**The problem**. Would you restate the full listing word for word and omit its pictures?

**Data records**.
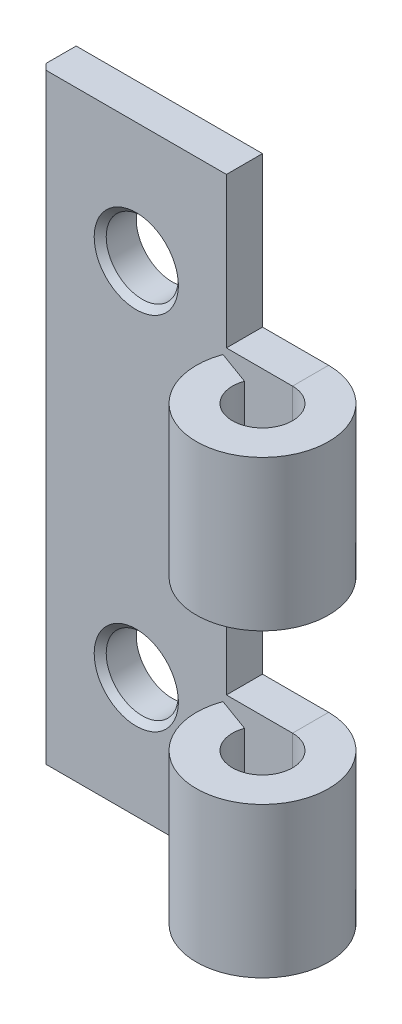
from build123d import *

# Parameters (mm, degrees)
SKETCH1_W                    = 21
SKETCH1_H                    = 50
BASE_FLANGE1_DEPTH           = 3
HEM1_START                   = -25
HEM1_DEPTH                   = 12.5
LPATTERN1_COUNT              = 2
LPATTERN1_PITCH              = 25
SKETCH9_W                    = 5.5
SKETCH9_H                    = 12.5
CUT_EXTRUDE5_DEPTH           = 3
F_6_0_6_DIAMETER_HOLE1_D     = 6
F_6_0_6_DIAMETER_HOLE1_DEPTH = 8
F_6_0_6_DIAMETER_HOLE1_TIP   = 1.802581857
CHAMFER1_SIZE                = 0.5


# Read off the part's stored shape, not the designer's step: Hem1
# Sheet-metal steps are written as plain solids
with BuildPart() as part:
    # Sketch1 → Base-Flange1 (new body)
    with BuildSketch(Plane.XY):
        Rectangle(SKETCH1_W, SKETCH1_H)
    extrude(amount=BASE_FLANGE1_DEPTH)

    # Hem1 outline → Hem1 (add)
    with BuildSketch(Plane(origin=(0, 0, 0), x_dir=(1, 0, 0), z_dir=(0, 1, 0)).offset(HEM1_START)):
        with BuildLine():
            Line((8.150768448, -4.644949642), (5.331690586, -3.618889212))
            ThreePointArc((5.331690586, -3.618889212), (13.654670401, -10.005336243), (10.5, 0))
            Line((10.5, 0), (10.5, -3))
            ThreePointArc((10.5, -3), (11.933941091, -7.547880111), (8.150768448, -4.644949642))
        make_face()
    hem1 = extrude(amount=HEM1_DEPTH)

    # LPattern1: Hem1 ×2
    with Locations(*[(0, i * LPATTERN1_PITCH, 0) for i in range(1, LPATTERN1_COUNT)]):
        add(hem1)

    # Sketch9 → Cut-Extrude5 (cut)
    with BuildSketch(Plane.XY.offset(3)):
        with Locations((7.75, 18.75)):
            Rectangle(SKETCH9_W, SKETCH9_H)
        with Locations((7.75, -6.25)):
            Rectangle(SKETCH9_W, SKETCH9_H)
    extrude(amount=-CUT_EXTRUDE5_DEPTH, mode=Mode.SUBTRACT)

    # Ø6.0 (6) Diameter Hole1
    with Locations(Plane(origin=(-2.5, 15, 3), x_dir=(1, 0, 0), z_dir=(0, 0, 1))):
        with Locations((0, 0), (0, -30)):
            Hole(F_6_0_6_DIAMETER_HOLE1_D / 2, depth=F_6_0_6_DIAMETER_HOLE1_DEPTH)
            with Locations((0, 0, -(F_6_0_6_DIAMETER_HOLE1_DEPTH + F_6_0_6_DIAMETER_HOLE1_TIP / 2))):  # 118° drill point
                Cone(0, F_6_0_6_DIAMETER_HOLE1_D / 2, F_6_0_6_DIAMETER_HOLE1_TIP, mode=Mode.SUBTRACT)

    # Chamfer1
    chamfer1_edges = [part.edges().sort_by_distance(p)[0] for p in [
        (-10.5, 0, 3),
        (0.5, -15, 3),
        (0.5, 15, 3),
    ]]
    chamfer(chamfer1_edges, length=CHAMFER1_SIZE)


solid = part.part

**Exercise solution**.
from build123d import *

# Parameters (mm, degrees)
SKETCH1_W                    = 21
SKETCH1_H                    = 50
BASE_FLANGE1_DEPTH           = 3
HEM1_START                   = -25
HEM1_DEPTH                   = 12.5
LPATTERN1_COUNT              = 2
LPATTERN1_PITCH              = 25
SKETCH9_W                    = 5.5
SKETCH9_H                    = 12.5
CUT_EXTRUDE5_DEPTH           = 3
F_6_0_6_DIAMETER_HOLE1_D     = 6
F_6_0_6_DIAMETER_HOLE1_DEPTH = 8
F_6_0_6_DIAMETER_HOLE1_TIP   = 1.802581857
CHAMFER1_SIZE                = 0.5


# Read off the part's stored shape, not the designer's step: Hem1
# Sheet-metal steps are written as plain solids
with BuildPart() as part:
    # Sketch1 → Base-Flange1 (new body)
    with BuildSketch(Plane.XY):
        Rectangle(SKETCH1_W, SKETCH1_H)
    extrude(amount=BASE_FLANGE1_DEPTH)

    # Hem1 outline → Hem1 (add)
    with BuildSketch(Plane(origin=(0, 0, 0), x_dir=(1, 0, 0), z_dir=(0, 1, 0)).offset(HEM1_START)):
        with BuildLine():
            Line((8.150768448, -4.644949642), (5.331690586, -3.618889212))
            ThreePointArc((5.331690586, -3.618889212), (13.654670401, -10.005336243), (10.5, 0))
            Line((10.5, 0), (10.5, -3))
            ThreePointArc((10.5, -3), (11.933941091, -7.547880111), (8.150768448, -4.644949642))
        make_face()
    hem1 = extrude(amount=HEM1_DEPTH)

    # LPattern1: Hem1 ×2
    with Locations(*[(0, i * LPATTERN1_PITCH, 0) for i in range(1, LPATTERN1_COUNT)]):
        add(hem1)

    # Sketch9 → Cut-Extrude5 (cut)
    with BuildSketch(Plane.XY.offset(3)):
        with Locations((7.75, 18.75)):
            Rectangle(SKETCH9_W, SKETCH9_H)
        with Locations((7.75, -6.25)):
            Rectangle(SKETCH9_W, SKETCH9_H)
    extrude(amount=-CUT_EXTRUDE5_DEPTH, mode=Mode.SUBTRACT)

    # Ø6.0 (6) Diameter Hole1
    with Locations(Plane(origin=(-2.5, 15, 3), x_dir=(1, 0, 0), z_dir=(0, 0, 1))):
        with Locations((0, 0), (0, -30)):
            Hole(F_6_0_6_DIAMETER_HOLE1_D / 2, depth=F_6_0_6_DIAMETER_HOLE1_DEPTH)
            with Locations((0, 0, -(F_6_0_6_DIAMETER_HOLE1_DEPTH + F_6_0_6_DIAMETER_HOLE1_TIP / 2))):  # 118° drill point
                Cone(0, F_6_0_6_DIAMETER_HOLE1_D / 2, F_6_0_6_DIAMETER_HOLE1_TIP, mode=Mode.SUBTRACT)

    # Chamfer1
    chamfer1_edges = [part.edges().sort_by_distance(p)[0] for p in [
        (-10.5, 0, 3),
        (0.5, -15, 3),
        (0.5, 15, 3),
    ]]
    chamfer(chamfer1_edges, length=CHAMFER1_SIZE)


solid = part.part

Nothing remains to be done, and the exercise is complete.